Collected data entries
++++++++++++++++++++

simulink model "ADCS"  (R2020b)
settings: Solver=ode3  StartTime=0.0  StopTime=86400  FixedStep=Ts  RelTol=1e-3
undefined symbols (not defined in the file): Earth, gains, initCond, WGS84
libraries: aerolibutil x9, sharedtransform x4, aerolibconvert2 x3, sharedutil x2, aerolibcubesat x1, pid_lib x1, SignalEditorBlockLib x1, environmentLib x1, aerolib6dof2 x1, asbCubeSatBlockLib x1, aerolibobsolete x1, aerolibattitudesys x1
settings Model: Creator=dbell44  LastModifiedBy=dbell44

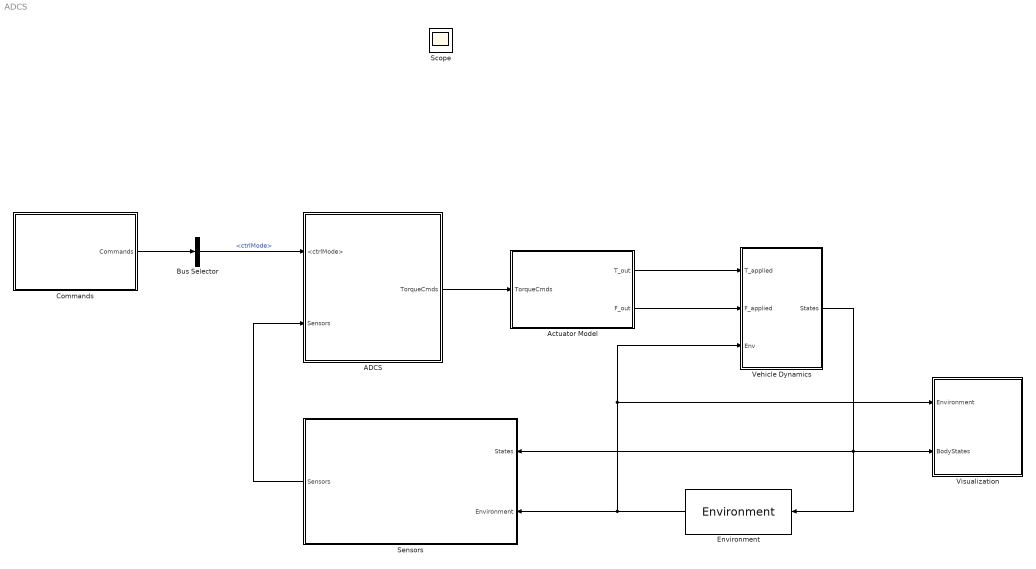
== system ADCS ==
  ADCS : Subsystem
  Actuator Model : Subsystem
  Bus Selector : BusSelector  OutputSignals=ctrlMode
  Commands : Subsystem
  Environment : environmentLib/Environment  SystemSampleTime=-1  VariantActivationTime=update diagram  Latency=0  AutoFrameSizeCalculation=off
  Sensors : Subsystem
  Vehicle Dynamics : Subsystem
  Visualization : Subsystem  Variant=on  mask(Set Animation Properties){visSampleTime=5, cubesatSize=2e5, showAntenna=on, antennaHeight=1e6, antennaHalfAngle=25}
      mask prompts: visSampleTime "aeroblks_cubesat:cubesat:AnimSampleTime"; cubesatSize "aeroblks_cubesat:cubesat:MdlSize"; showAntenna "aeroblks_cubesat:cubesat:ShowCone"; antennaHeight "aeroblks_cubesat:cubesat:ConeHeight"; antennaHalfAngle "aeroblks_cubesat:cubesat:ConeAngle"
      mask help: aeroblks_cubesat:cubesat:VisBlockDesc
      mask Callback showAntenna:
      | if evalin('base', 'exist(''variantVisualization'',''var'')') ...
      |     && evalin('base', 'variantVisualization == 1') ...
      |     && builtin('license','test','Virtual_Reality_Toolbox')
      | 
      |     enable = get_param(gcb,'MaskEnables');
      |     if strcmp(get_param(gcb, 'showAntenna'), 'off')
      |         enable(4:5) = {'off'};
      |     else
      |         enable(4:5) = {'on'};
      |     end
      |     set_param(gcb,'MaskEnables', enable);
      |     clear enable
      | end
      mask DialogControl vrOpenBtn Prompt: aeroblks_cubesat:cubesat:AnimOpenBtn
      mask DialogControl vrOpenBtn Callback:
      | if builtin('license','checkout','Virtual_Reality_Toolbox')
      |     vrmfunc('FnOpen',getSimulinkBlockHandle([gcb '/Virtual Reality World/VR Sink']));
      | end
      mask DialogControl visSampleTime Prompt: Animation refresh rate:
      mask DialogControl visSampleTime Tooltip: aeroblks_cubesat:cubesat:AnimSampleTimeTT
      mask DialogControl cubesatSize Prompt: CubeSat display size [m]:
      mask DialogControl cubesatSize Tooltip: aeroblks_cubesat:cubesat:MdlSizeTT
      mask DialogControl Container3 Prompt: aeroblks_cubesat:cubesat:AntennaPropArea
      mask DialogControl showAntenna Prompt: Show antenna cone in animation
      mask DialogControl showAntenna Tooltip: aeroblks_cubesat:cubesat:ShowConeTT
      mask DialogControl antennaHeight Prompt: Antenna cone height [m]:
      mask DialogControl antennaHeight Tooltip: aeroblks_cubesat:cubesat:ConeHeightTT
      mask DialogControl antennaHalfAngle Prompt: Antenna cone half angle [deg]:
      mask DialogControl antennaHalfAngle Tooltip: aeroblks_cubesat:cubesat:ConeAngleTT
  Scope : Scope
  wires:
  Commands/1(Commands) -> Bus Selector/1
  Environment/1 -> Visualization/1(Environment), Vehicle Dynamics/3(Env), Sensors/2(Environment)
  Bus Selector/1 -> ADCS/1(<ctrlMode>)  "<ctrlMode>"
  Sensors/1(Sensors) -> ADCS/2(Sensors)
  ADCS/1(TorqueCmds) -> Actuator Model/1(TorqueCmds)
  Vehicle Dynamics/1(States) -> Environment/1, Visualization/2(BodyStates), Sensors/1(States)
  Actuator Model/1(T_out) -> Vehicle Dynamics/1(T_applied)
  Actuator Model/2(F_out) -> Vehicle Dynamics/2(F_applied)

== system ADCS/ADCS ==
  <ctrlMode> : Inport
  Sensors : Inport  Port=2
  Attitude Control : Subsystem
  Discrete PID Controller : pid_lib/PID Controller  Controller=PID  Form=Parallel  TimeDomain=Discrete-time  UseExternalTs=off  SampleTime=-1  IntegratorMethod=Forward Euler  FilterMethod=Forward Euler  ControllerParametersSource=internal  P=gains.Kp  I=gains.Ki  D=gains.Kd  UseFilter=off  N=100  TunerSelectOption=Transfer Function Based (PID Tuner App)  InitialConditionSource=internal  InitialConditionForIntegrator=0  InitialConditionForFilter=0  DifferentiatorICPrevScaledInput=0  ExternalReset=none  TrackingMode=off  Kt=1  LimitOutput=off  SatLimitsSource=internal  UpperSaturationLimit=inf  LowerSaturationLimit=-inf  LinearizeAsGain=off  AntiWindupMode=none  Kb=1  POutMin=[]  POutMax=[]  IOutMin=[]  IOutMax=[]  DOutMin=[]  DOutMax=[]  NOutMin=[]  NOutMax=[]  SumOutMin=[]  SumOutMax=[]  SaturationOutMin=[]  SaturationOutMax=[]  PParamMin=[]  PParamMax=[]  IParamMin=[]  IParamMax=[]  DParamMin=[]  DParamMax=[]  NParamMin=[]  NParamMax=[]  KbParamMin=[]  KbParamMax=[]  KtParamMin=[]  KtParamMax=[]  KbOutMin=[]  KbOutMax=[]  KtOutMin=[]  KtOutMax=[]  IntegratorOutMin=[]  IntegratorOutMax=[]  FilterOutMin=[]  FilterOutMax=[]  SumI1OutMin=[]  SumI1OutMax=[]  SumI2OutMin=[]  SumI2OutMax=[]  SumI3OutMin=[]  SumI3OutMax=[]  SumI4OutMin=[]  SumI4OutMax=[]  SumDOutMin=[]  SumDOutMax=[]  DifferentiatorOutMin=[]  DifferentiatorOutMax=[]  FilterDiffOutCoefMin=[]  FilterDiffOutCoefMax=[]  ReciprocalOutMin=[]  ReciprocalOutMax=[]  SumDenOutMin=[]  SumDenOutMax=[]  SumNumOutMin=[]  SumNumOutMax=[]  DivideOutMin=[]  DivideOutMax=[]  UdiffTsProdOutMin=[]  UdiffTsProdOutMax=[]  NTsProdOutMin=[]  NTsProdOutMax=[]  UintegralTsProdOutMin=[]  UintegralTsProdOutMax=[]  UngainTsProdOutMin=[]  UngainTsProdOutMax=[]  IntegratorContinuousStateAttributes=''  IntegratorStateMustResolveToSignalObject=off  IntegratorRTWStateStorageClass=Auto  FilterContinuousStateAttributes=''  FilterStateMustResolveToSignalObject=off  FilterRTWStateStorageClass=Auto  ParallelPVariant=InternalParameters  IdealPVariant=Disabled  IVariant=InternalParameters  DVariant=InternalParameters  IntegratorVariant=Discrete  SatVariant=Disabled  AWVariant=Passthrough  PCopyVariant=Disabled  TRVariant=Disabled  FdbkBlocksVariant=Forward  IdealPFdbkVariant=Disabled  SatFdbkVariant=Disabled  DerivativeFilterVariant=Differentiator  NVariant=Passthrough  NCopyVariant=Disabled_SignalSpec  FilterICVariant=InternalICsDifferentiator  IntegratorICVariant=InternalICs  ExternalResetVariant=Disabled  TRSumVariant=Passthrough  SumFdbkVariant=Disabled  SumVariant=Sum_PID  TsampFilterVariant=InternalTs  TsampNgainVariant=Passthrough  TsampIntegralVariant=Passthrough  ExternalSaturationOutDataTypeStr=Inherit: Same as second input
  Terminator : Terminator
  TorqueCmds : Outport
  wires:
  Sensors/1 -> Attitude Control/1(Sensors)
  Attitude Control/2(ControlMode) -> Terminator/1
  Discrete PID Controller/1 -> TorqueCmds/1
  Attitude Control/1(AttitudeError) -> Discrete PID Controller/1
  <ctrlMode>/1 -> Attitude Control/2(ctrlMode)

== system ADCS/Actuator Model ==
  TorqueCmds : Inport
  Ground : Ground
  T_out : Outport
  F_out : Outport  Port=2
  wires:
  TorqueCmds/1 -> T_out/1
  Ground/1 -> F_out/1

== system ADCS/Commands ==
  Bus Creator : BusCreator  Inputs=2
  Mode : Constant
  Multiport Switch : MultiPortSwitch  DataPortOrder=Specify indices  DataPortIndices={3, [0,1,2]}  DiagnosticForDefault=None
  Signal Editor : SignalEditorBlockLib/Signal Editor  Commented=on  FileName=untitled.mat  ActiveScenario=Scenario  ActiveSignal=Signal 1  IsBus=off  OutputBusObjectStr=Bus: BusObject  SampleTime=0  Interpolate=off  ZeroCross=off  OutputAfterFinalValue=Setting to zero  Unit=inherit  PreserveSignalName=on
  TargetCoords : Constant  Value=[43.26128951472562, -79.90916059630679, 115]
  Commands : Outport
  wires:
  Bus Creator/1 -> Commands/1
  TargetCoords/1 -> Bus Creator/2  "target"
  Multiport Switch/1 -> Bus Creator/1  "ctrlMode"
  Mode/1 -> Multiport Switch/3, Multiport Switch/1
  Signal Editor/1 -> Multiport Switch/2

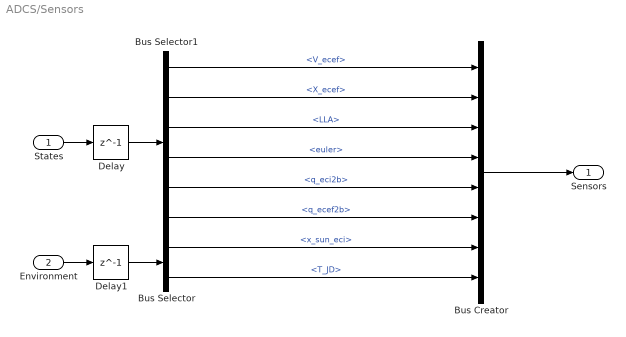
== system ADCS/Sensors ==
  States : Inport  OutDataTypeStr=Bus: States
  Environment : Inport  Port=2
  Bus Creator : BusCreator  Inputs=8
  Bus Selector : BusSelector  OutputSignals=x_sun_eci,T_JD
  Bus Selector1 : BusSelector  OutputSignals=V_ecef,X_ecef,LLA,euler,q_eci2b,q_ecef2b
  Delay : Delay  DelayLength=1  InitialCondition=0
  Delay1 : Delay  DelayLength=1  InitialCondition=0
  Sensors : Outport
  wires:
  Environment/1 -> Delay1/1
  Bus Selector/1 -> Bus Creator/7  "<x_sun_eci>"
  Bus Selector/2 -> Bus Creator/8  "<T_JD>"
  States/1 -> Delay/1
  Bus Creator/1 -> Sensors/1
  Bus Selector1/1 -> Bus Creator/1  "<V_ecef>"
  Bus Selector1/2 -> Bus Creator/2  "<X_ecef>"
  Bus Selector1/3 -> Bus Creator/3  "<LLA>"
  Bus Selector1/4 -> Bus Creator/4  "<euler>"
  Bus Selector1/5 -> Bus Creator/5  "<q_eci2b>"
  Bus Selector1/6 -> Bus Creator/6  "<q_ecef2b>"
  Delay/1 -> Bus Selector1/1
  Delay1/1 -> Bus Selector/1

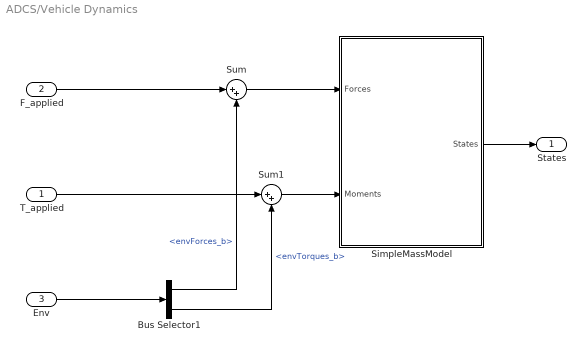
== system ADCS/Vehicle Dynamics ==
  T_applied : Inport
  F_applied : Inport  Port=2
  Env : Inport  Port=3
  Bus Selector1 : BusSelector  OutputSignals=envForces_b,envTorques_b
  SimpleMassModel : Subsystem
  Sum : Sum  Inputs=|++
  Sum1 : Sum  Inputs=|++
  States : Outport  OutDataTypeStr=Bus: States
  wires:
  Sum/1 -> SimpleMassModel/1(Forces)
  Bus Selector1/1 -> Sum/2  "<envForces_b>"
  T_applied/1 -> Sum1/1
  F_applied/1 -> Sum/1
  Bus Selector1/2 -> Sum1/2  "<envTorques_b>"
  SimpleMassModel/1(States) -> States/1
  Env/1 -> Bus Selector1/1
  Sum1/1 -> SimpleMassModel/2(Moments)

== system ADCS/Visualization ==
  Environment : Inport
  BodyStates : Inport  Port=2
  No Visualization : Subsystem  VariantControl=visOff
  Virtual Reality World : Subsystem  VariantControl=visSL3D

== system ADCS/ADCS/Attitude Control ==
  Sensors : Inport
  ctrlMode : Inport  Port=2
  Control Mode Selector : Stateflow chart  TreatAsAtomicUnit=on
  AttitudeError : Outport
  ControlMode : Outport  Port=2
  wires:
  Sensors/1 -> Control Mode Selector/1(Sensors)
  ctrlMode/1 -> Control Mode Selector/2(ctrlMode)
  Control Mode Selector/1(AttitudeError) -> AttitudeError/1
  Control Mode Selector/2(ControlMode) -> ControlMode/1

++++++++++++++++++++

> Task goal: Copy out each line of the records that holds the string "Multiport".

> Result below:
  Multiport Switch : MultiPortSwitch  DataPortOrder=Specify indices  DataPortIndices={3, [0,1,2]}  DiagnosticForDefault=None
  Multiport Switch/1 -> Bus Creator/1  "ctrlMode"
  Mode/1 -> Multiport Switch/3, Multiport Switch/1
  Signal Editor/1 -> Multiport Switch/2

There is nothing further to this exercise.